Scan the material below for the string "schematic". Report every line that has it.

========================================================================

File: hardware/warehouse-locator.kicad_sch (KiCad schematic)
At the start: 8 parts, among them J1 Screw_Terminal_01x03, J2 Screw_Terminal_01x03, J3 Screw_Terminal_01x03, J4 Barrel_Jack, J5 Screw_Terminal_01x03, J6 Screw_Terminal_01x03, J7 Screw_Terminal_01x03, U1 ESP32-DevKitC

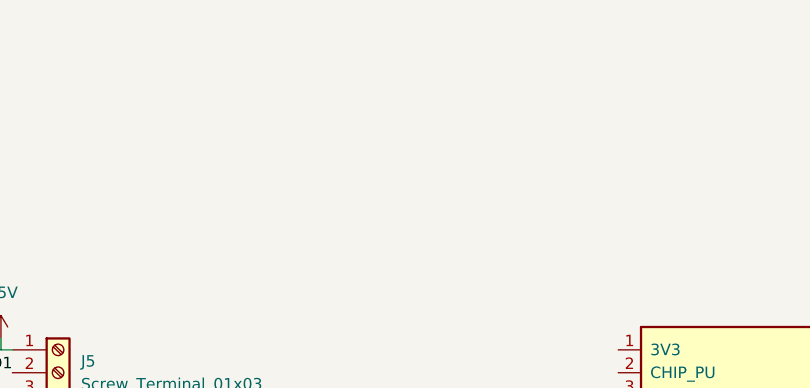
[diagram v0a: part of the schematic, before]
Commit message: Ethernet header
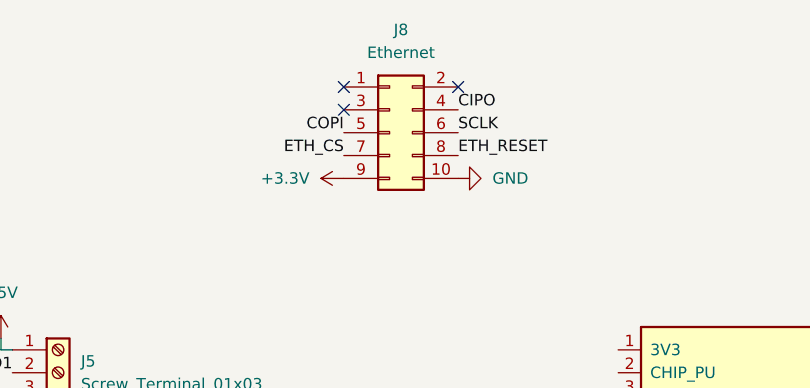
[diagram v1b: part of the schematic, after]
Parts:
- added J8: Ethernet, Connector_PinSocket_2.54mm:PinSocket_2x05_P2.54mm_Vertical, symbol Connector_Generic:Conn_02x05_Odd_Even
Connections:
- net GND: now also J8.10 (Pin_10)
- new net +3.3V: J8.9 (Pin_9)
- new net CIPO: J8.4 (Pin_4)
- new net COPI: J8.5 (Pin_5)
- new net ETH_CS: J8.7 (Pin_7)
- new net ETH_RESET: J8.8 (Pin_8)
- new net SCLK: J8.6 (Pin_6)
- no-connect marks 0 -> 3
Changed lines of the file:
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@@
 (kicad_sch (version 20211123) (generator eeschema)
   (paper "A4")
+  (no_connect (at 134.62 54.61))
+  (no_connect (at 134.62 52.07))
+  (no_connect (at 147.32 52.07))
   (wire (pts (xy 96.52 81.28) (xy 97.79 81.28))
     (stroke (width 0) (type default) (color 0 0 0 0))
@@
     (effects (font (size 1.27 1.27)) (justify right bottom))
   )
+  (label "ETH_RESET" (at 147.32 59.69 0)
+    (effects (font (size 1.27 1.27)) (justify left bottom))
+  )
+  (label "ETH_CS" (at 134.62 59.69 180)
+    (effects (font (size 1.27 1.27)) (justify right bottom))
+  )
+  (label "CIPO" (at 147.32 54.61 0)
+    (effects (font (size 1.27 1.27)) (justify left bottom))
+  )
   (label "LED0" (at 60.96 83.82 180)
     (effects (font (size 1.27 1.27)) (justify right bottom))
@@
   (label "LED5" (at 97.79 127 180)
     (effects (font (size 1.27 1.27)) (justify right bottom))
+  )
+  (label "COPI" (at 134.62 57.15 180)
+    (effects (font (size 1.27 1.27)) (justify right bottom))
+  )
+  (label "SCLK" (at 147.32 57.15 0)
+    (effects (font (size 1.27 1.27)) (justify left bottom))
+  )
+  (symbol (lib_id "power:+3.3V") (at 134.62 62.23 90) (unit 1)
+    (in_bom yes) (on_board yes) (fields_autoplaced)
+    (property "Reference" "#PWR015" (id 0) (at 138.43 62.23 0)
+      (effects (font (size 1.27 1.27)) hide)
+    )
+    (property "Value" "+3.3V" (id 1) (at 130.81 62.2299 90)
+      (effects (font (size 1.27 1.27)) (justify left))
+    )
+    (property "Footprint" "" (id 2) (at 134.62 62.23 0)
+      (effects (font (size 1.27 1.27)) hide)
+    )
+    (property "Datasheet" "" (id 3) (at 134.62 62.23 0)
+      (effects (font (size 1.27 1.27)) hide)
+    )
+    (pin "1")
   )
   (symbol (lib_id "power:+5V") (at 96.52 80.01 0) (unit 1)
@@
     (pin "3")
   )
+  (symbol (lib_id "power:GND") (at 147.32 62.23 90) (unit 1)
+    (in_bom yes) (on_board yes) (fields_autoplaced)
+    (property "Reference" "#PWR016" (id 0) (at 153.67 62.23 0)
+      (effects (font (size 1.27 1.27)) hide)
+    )
+    (property "Value" "GND" (id 1) (at 151.13 62.2299 90)
+      (effects (font (size 1.27 1.27)) (justify right))
+    )
+    (property "Footprint" "" (id 2) (at 147.32 62.23 0)
+      (effects (font (size 1.27 1.27)) hide)
+    )
+    (property "Datasheet" "" (id 3) (at 147.32 62.23 0)
+      (effects (font (size 1.27 1.27)) hide)
+    )
+    (pin "1")
+  )
   (symbol (lib_id "Connector:Screw_Terminal_01x03") (at 102.87 127 0) (unit 1)
     (in_bom yes) (on_board yes) (fields_autoplaced)
@@
     )
     (pin "1")
+  )
+  (symbol (lib_id "Connector_Generic:Conn_02x05_Odd_Even") (at 139.7 57.15 0) (unit 1)
+    (in_bom yes) (on_board yes) (fields_autoplaced)
+    (property "Reference" "J8" (id 0) (at 140.97 45.72 0))
+    (property "Value" "Ethernet" (id 1) (at 140.97 48.26 0))
+    (property "Footprint" "Connector_PinSocket_2.54mm:PinSocket_2x05_P2.54mm_Vertical" (id 2) (at 139.7 57.15 0)
+      (effects (font (size 1.27 1.27)) hide)
+    )
+    (property "Datasheet" "~" (id 3) (at 139.7 57.15 0)
+      (effects (font (size 1.27 1.27)) hide)
+    )
+    (pin "1")
+    (pin "10")
+    (pin "2")
+    (pin "3")
+    (pin "4")
+    (pin "5")
+    (pin "6")
+    (pin "7")
+    (pin "8")
+    (pin "9")
   )
   (symbol (lib_id "power:GND") (at 59.69 109.22 0) (unit 1)
@@
       (reference "#PWR014") (unit 1) (value "GND") (footprint "")
     )
+    (path "/053d9fce-626c-4602-916b-ef89efbc2685"
+      (reference "#PWR015") (unit 1) (value "+3.3V") (footprint "")
+    )
+    (path "/c6e94d68-e716-4c42-b935-ba265a888be2"
+      (reference "#PWR016") (unit 1) (value "GND") (footprint "")
+    )
     (path "/3aaacb84-122f-4340-95d3-0bf04eee80d2"
       (reference "J1") (unit 1) (value "Screw_Terminal_01x03") (footprint "TerminalBlock_Phoenix:TerminalBlock_Phoenix_MKDS-1,5-3_1x03_P5.00mm_Horizontal")
@@
       (reference "J7") (unit 1) (value "Screw_Terminal_01x03") (footprint "TerminalBlock_Phoenix:TerminalBlock_Phoenix_MKDS-1,5-3_1x03_P5.00mm_Horizontal")
     )
+    (path "/df94ba07-cbc6-4baa-93b8-732ae39550c6"
+      (reference "J8") (unit 1) (value "Ethernet") (footprint "Connector_PinSocket_2.54mm:PinSocket_2x05_P2.54mm_Vertical")
+    )
     (path "/8a6d48a6-b7bb-4a02-b51b-9f669ac7dca2"

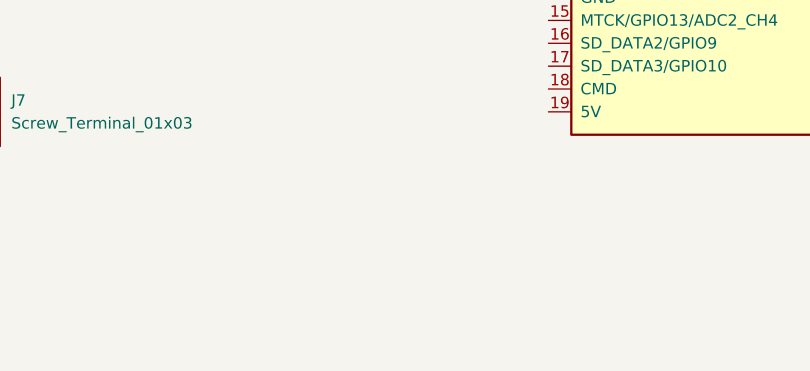
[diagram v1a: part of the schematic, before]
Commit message: Component positioning
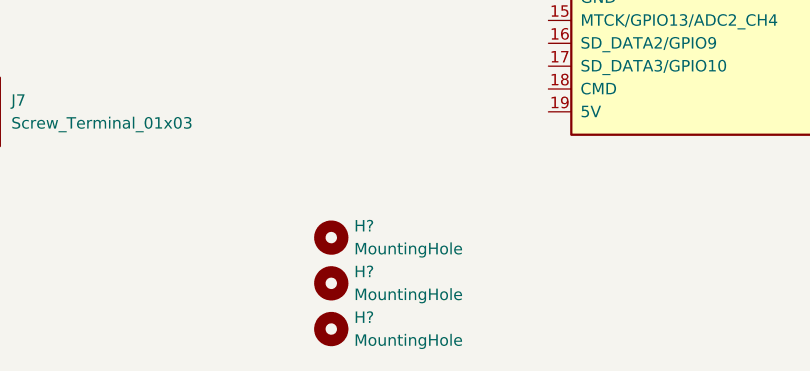
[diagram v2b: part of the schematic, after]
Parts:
- added H? (x3): MountingHole, MountingHole:MountingHole_3.2mm_M3_DIN965_Pad, symbol Mechanical:MountingHole
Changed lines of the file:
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@@
     (pin "3")
+  )
+  (symbol (lib_id "Mechanical:MountingHole") (at 140.97 140.97 0) (unit 1)
+    (in_bom yes) (on_board yes) (fields_autoplaced)
+    (property "Reference" "H?" (id 0) (at 143.51 139.6999 0)
+      (effects (font (size 1.27 1.27)) (justify left))
+    )
+    (property "Value" "MountingHole" (id 1) (at 143.51 142.2399 0)
+      (effects (font (size 1.27 1.27)) (justify left))
+    )
+    (property "Footprint" "MountingHole:MountingHole_3.2mm_M3_DIN965_Pad" (id 2) (at 140.97 140.97 0)
+      (effects (font (size 1.27 1.27)) hide)
+    )
+    (property "Datasheet" "~" (id 3) (at 140.97 140.97 0)
+      (effects (font (size 1.27 1.27)) hide)
+    )
   )
   (symbol (lib_id "power:+5V") (at 59.69 101.6 0) (unit 1)
@@
     (pin "1")
   )
+  (symbol (lib_id "Mechanical:MountingHole") (at 140.97 151.13 0) (unit 1)
+    (in_bom yes) (on_board yes) (fields_autoplaced)
+    (property "Reference" "H?" (id 0) (at 143.51 149.8599 0)
+      (effects (font (size 1.27 1.27)) (justify left))
+    )
+    (property "Value" "MountingHole" (id 1) (at 143.51 152.3999 0)
+      (effects (font (size 1.27 1.27)) (justify left))
+    )
+    (property "Footprint" "MountingHole:MountingHole_3.2mm_M3_DIN965_Pad" (id 2) (at 140.97 151.13 0)
+      (effects (font (size 1.27 1.27)) hide)
+    )
+    (property "Datasheet" "~" (id 3) (at 140.97 151.13 0)
+      (effects (font (size 1.27 1.27)) hide)
+    )
+  )
   (symbol (lib_id "Connector:Screw_Terminal_01x03") (at 66.04 127 0) (unit 1)
     (in_bom yes) (on_board yes) (fields_autoplaced)
@@
     (pin "2")
     (pin "3")
+  )
+  (symbol (lib_id "Mechanical:MountingHole") (at 140.97 146.05 0) (unit 1)
+    (in_bom yes) (on_board yes) (fields_autoplaced)
+    (property "Reference" "H?" (id 0) (at 143.51 144.7799 0)
+      (effects (font (size 1.27 1.27)) (justify left))
+    )
+    (property "Value" "MountingHole" (id 1) (at 143.51 147.3199 0)
+      (effects (font (size 1.27 1.27)) (justify left))
+    )
+    (property "Footprint" "MountingHole:MountingHole_3.2mm_M3_DIN965_Pad" (id 2) (at 140.97 146.05 0)
+      (effects (font (size 1.27 1.27)) hide)
+    )
+    (property "Datasheet" "~" (id 3) (at 140.97 146.05 0)
+      (effects (font (size 1.27 1.27)) hide)
+    )
   )
   (symbol (lib_id "Connector:Screw_Terminal_01x03") (at 66.04 105.41 0) (unit 1)
@@
       (reference "#PWR016") (unit 1) (value "GND") (footprint "")
     )
+    (path "/3f6f5fd4-bf84-4f5a-b527-b698f4821ee8"
+      (reference "H?") (unit 1) (value "MountingHole") (footprint "MountingHole:MountingHole_3.2mm_M3_DIN965_Pad")
+    )
+    (path "/a523383e-b510-4a6d-92cb-0d2f830ea5c3"
+      (reference "H?") (unit 1) (value "MountingHole") (footprint "MountingHole:MountingHole_3.2mm_M3_DIN965_Pad")
+    )
+    (path "/a915c05e-ae38-4c6d-9a9c-84e50169004a"
+      (reference "H?") (unit 1) (value "MountingHole") (footprint "MountingHole:MountingHole_3.2mm_M3_DIN965_Pad")
+    )
     (path "/3aaacb84-122f-4340-95d3-0bf04eee80d2"

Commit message: Pins connected
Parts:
- gave numbers to parts that had none: 3
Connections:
- net +3.3V: now also U1.1 (3V3)
- net +5V: now also U1.19 (5V)
- net CIPO: now also U1.31 (GPIO19)
- net COPI: now also U1.37 (GPIO23)
- net ETH_CS: now also U1.29 (*GPIO5)
- net GND: now also U1.14 (GND), U1.32 (GND), U1.38 (GND)
- net LED0: now also U1.33 (GPIO21)
- net LED1: now also U1.28 (GPIO17)
- net LED2: now also U1.26 (ADC2_CH0/GPIO4)
- net LED3: now also U1.36 (GPIO22)
- net LED4: now also U1.27 (GPIO16)
- net LED5: now also U1.24 (ADC2_CH2/*GPIO2)
- net SCLK: now also U1.30 (GPIO18)
- net ETH_RESET: no longer names the net of J8.8 (Pin_8)
- no-connect marks 3 -> 27
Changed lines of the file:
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@@
 (kicad_sch (version 20211123) (generator eeschema)
   (paper "A4")
+  (no_connect (at 165.1 116.84))
+  (no_connect (at 233.68 124.46))
+  (no_connect (at 165.1 119.38))
+  (no_connect (at 165.1 83.82))
   (no_connect (at 134.62 54.61))
+  (no_connect (at 165.1 99.06))
   (no_connect (at 134.62 52.07))
+  (no_connect (at 165.1 124.46))
+  (no_connect (at 233.68 127))
+  (no_connect (at 233.68 121.92))
+  (no_connect (at 165.1 93.98))
+  (no_connect (at 165.1 121.92))
+  (no_connect (at 165.1 104.14))
+  (no_connect (at 165.1 91.44))
+  (no_connect (at 233.68 114.3))
+  (no_connect (at 233.68 119.38))
+  (no_connect (at 165.1 86.36))
+  (no_connect (at 233.68 91.44))
+  (no_connect (at 165.1 101.6))
+  (no_connect (at 165.1 96.52))
+  (no_connect (at 165.1 88.9))
+  (no_connect (at 147.32 59.69))
+  (no_connect (at 165.1 111.76))
   (no_connect (at 147.32 52.07))
+  (no_connect (at 165.1 109.22))
+  (no_connect (at 165.1 106.68))
+  (no_connect (at 233.68 88.9))
   (wire (pts (xy 96.52 81.28) (xy 97.79 81.28))
     (stroke (width 0) (type default) (color 0 0 0 0))
@@
     (stroke (width 0) (type default) (color 0 0 0 0))
   )
+  (wire (pts (xy 238.76 96.52) (xy 233.68 96.52))
+    (stroke (width 0) (type default) (color 0 0 0 0))
+  )
   (wire (pts (xy 96.52 101.6) (xy 96.52 102.87))
     (stroke (width 0) (type default) (color 0 0 0 0))
@@
   )
   (wire (pts (xy 59.69 129.54) (xy 60.96 129.54))
+    (stroke (width 0) (type default) (color 0 0 0 0))
+  )
+  (wire (pts (xy 238.76 81.28) (xy 233.68 81.28))
     (stroke (width 0) (type default) (color 0 0 0 0))
   )
@@
     (effects (font (size 1.27 1.27)) (justify right bottom))
   )
+  (label "LED1" (at 233.68 106.68 0)
+    (effects (font (size 1.27 1.27)) (justify left bottom))
+  )
+  (label "LED0" (at 233.68 93.98 0)
+    (effects (font (size 1.27 1.27)) (justify left bottom))
+  )
   (label "LED3" (at 97.79 105.41 180)
     (effects (font (size 1.27 1.27)) (justify right bottom))
   )
+  (label "CIPO" (at 233.68 99.06 0)
+    (effects (font (size 1.27 1.27)) (justify left bottom))
+  )
   (label "LED1" (at 97.79 83.82 180)
     (effects (font (size 1.27 1.27)) (justify right bottom))
@@
     (effects (font (size 1.27 1.27)) (justify right bottom))
   )
-  (label "ETH_RESET" (at 147.32 59.69 0)
+  (label "LED2" (at 233.68 111.76 0)
+    (effects (font (size 1.27 1.27)) (justify left bottom))
+  )
+  (label "LED4" (at 233.68 109.22 0)
     (effects (font (size 1.27 1.27)) (justify left bottom))
   )
@@
     (effects (font (size 1.27 1.27)) (justify left bottom))
   )
+  (label "COPI" (at 233.68 83.82 0)
+    (effects (font (size 1.27 1.27)) (justify left bottom))
+  )
   (label "LED0" (at 60.96 83.82 180)
     (effects (font (size 1.27 1.27)) (justify right bottom))
   )
+  (label "SCLK" (at 233.68 101.6 0)
+    (effects (font (size 1.27 1.27)) (justify left bottom))
+  )
+  (label "LED5" (at 233.68 116.84 0)
+    (effects (font (size 1.27 1.27)) (justify left bottom))
+  )
+  (label "LED3" (at 233.68 86.36 0)
+    (effects (font (size 1.27 1.27)) (justify left bottom))
+  )
   (label "LED5" (at 97.79 127 180)
     (effects (font (size 1.27 1.27)) (justify right bottom))
   )
+  (label "ETH_CS" (at 233.68 104.14 0)
+    (effects (font (size 1.27 1.27)) (justify left bottom))
+  )
   (label "COPI" (at 134.62 57.15 180)
     (effects (font (size 1.27 1.27)) (justify right bottom))
@@
     (effects (font (size 1.27 1.27)) (justify left bottom))
   )
+  (symbol (lib_id "power:+5V") (at 165.1 127 90) (unit 1)
+    (in_bom yes) (on_board yes)
+    (property "Reference" "#PWR?" (id 0) (at 168.91 127 0)
+      (effects (font (size 1.27 1.27)) hide)
+    )
+    (property "Value" "+5V" (id 1) (at 157.48 127 90)
+      (effects (font (size 1.27 1.27)) (justify right))
+    )
+    (property "Footprint" "" (id 2) (at 165.1 127 0)
+      (effects (font (size 1.27 1.27)) hide)
+    )
+    (property "Datasheet" "" (id 3) (at 165.1 127 0)
+      (effects (font (size 1.27 1.27)) hide)
+    )
+    (pin "1")
+  )
   (symbol (lib_id "power:+3.3V") (at 134.62 62.23 90) (unit 1)
     (in_bom yes) (on_board yes) (fields_autoplaced)
@@
     )
     (property "Datasheet" "" (id 3) (at 134.62 62.23 0)
+      (effects (font (size 1.27 1.27)) hide)
+    )
+    (pin "1")
+  )
+  (symbol (lib_name "GND_2") (lib_id "power:GND") (at 165.1 114.3 270) (unit 1)
+    (in_bom yes) (on_board yes) (fields_autoplaced)
+    (property "Reference" "#PWR?" (id 0) (at 158.75 114.3 0)
+      (effects (font (size 1.27 1.27)) hide)
+    )
+    (property "Value" "GND" (id 1) (at 161.29 114.2999 90)
+      (effects (font (size 1.27 1.27)) (justify right))
+    )
+    (property "Footprint" "" (id 2) (at 165.1 114.3 0)
+      (effects (font (size 1.27 1.27)) hide)
+    )
+    (property "Datasheet" "" (id 3) (at 165.1 114.3 0)
       (effects (font (size 1.27 1.27)) hide)
     )
@@
     (pin "3")
   )
+  (symbol (lib_name "GND_1") (lib_id "power:GND") (at 238.76 81.28 90) (unit 1)
+    (in_bom yes) (on_board yes) (fields_autoplaced)
+    (property "Reference" "#PWR?" (id 0) (at 245.11 81.28 0)
+      (effects (font (size 1.27 1.27)) hide)
+    )
+    (property "Value" "GND" (id 1) (at 242.57 81.2799 90)
+      (effects (font (size 1.27 1.27)) (justify right))
+    )
+    (property "Footprint" "" (id 2) (at 238.76 81.28 0)
+      (effects (font (size 1.27 1.27)) hide)
+    )
+    (property "Datasheet" "" (id 3) (at 238.76 81.28 0)
+      (effects (font (size 1.27 1.27)) hide)
+    )
+    (pin "1")
+  )
   (symbol (lib_id "Connector:Screw_Terminal_01x03") (at 66.04 83.82 0) (unit 1)
     (in_bom yes) (on_board yes) (fields_autoplaced)
@@
   (symbol (lib_id "Mechanical:MountingHole") (at 140.97 140.97 0) (unit 1)
     (in_bom yes) (on_board yes) (fields_autoplaced)
-    (property "Reference" "H?" (id 0) (at 143.51 139.6999 0)
+    (property "Reference" "H1" (id 0) (at 143.51 139.6999 0)
       (effects (font (size 1.27 1.27)) (justify left))
     )
@@
   (symbol (lib_id "Mechanical:MountingHole") (at 140.97 151.13 0) (unit 1)
     (in_bom yes) (on_board yes) (fields_autoplaced)
-    (property "Reference" "H?" (id 0) (at 143.51 149.8599 0)
+    (property "Reference" "H3" (id 0) (at 143.51 149.8599 0)
       (effects (font (size 1.27 1.27)) (justify left))
     )
@@
   (symbol (lib_id "Mechanical:MountingHole") (at 140.97 146.05 0) (unit 1)
     (in_bom yes) (on_board yes) (fields_autoplaced)
-    (property "Reference" "H?" (id 0) (at 143.51 144.7799 0)
+    (property "Reference" "H2" (id 0) (at 143.51 144.7799 0)
       (effects (font (size 1.27 1.27)) (justify left))
     )
@@
     (pin "2")
     (pin "3")
+  )
+  (symbol (lib_name "GND_1") (lib_id "power:GND") (at 238.76 96.52 90) (unit 1)
+    (in_bom yes) (on_board yes) (fields_autoplaced)
+    (property "Reference" "#PWR?" (id 0) (at 245.11 96.52 0)
+      (effects (font (size 1.27 1.27)) hide)
+    )
+    (property "Value" "GND" (id 1) (at 242.57 96.5199 90)
+      (effects (font (size 1.27 1.27)) (justify right))
+    )
+    (property "Footprint" "" (id 2) (at 238.76 96.52 0)
+      (effects (font (size 1.27 1.27)) hide)
+    )
+    (property "Datasheet" "" (id 3) (at 238.76 96.52 0)
+      (effects (font (size 1.27 1.27)) hide)
+    )
+    (pin "1")
+  )
+  (symbol (lib_id "power:+3.3V") (at 165.1 81.28 90) (unit 1)
+    (in_bom yes) (on_board yes) (fields_autoplaced)
+    (property "Reference" "#PWR?" (id 0) (at 168.91 81.28 0)
+      (effects (font (size 1.27 1.27)) hide)
+    )
+    (property "Value" "+3.3V" (id 1) (at 161.29 81.2799 90)
+      (effects (font (size 1.27 1.27)) (justify left))
+    )
+    (property "Footprint" "" (id 2) (at 165.1 81.28 0)
+      (effects (font (size 1.27 1.27)) hide)
+    )
+    (property "Datasheet" "" (id 3) (at 165.1 81.28 0)
+      (effects (font (size 1.27 1.27)) hide)
+    )
+    (pin "1")
   )
   (symbol (lib_id "Connector:Screw_Terminal_01x03") (at 102.87 105.41 0) (unit 1)
@@
       (reference "#PWR016") (unit 1) (value "GND") (footprint "")
     )
+    (path "/0254aefe-66fc-4322-8d36-d41b0cd7ed4c"
+      (reference "#PWR?") (unit 1) (value "+5V") (footprint "")
+    )
+    (path "/0ff64a17-acbe-42e6-b6e4-0d8dd8c401b1"
+      (reference "#PWR?") (unit 1) (value "GND") (footprint "")
+    )
+    (path "/213ea978-248f-4385-b520-aff4ee3ab8b6"
+      (reference "#PWR?") (unit 1) (value "GND") (footprint "")
+    )
+    (path "/b6dc58df-5635-4bfb-a0b6-f31ca3e9691d"
+      (reference "#PWR?") (unit 1) (value "GND") (footprint "")
+    )
+    (path "/b8c97f6d-2826-4abe-9a0d-fbf24acc9464"
+      (reference "#PWR?") (unit 1) (value "+3.3V") (footprint "")
+    )
     (path "/3f6f5fd4-bf84-4f5a-b527-b698f4821ee8"
-      (reference "H?") (unit 1) (value "MountingHole") (footprint "MountingHole:MountingHole_3.2mm_M3_DIN965_Pad")
+      (reference "H1") (unit 1) (value "MountingHole") (footprint "MountingHole:MountingHole_3.2mm_M3_DIN965_Pad")
+    )
+    (path "/a915c05e-ae38-4c6d-9a9c-84e50169004a"
+      (reference "H2") (unit 1) (value "MountingHole") (footprint "MountingHole:MountingHole_3.2mm_M3_DIN965_Pad")
     )
     (path "/a523383e-b510-4a6d-92cb-0d2f830ea5c3"
-      (reference "H?") (unit 1) (value "MountingHole") (footprint "MountingHole:MountingHole_3.2mm_M3_DIN965_Pad")
-    )
-    (path "/a915c05e-ae38-4c6d-9a9c-84e50169004a"
-      (reference "H?") (unit 1) (value "MountingHole") (footprint "MountingHole:MountingHole_3.2mm_M3_DIN965_Pad")
+      (reference "H3") (unit 1) (value "MountingHole") (footprint "MountingHole:MountingHole_3.2mm_M3_DIN965_Pad")
     )
     (path "/3aaacb84-122f-4340-95d3-0bf04eee80d2"

========================================================================

→ **WRITTEN RESPONSE**
File: hardware/warehouse-locator.kicad_sch (KiCad schematic)
[diagram v0a: part of the schematic, before]
[diagram v1b: part of the schematic, after]
[diagram v1a: part of the schematic, before]
[diagram v2b: part of the schematic, after]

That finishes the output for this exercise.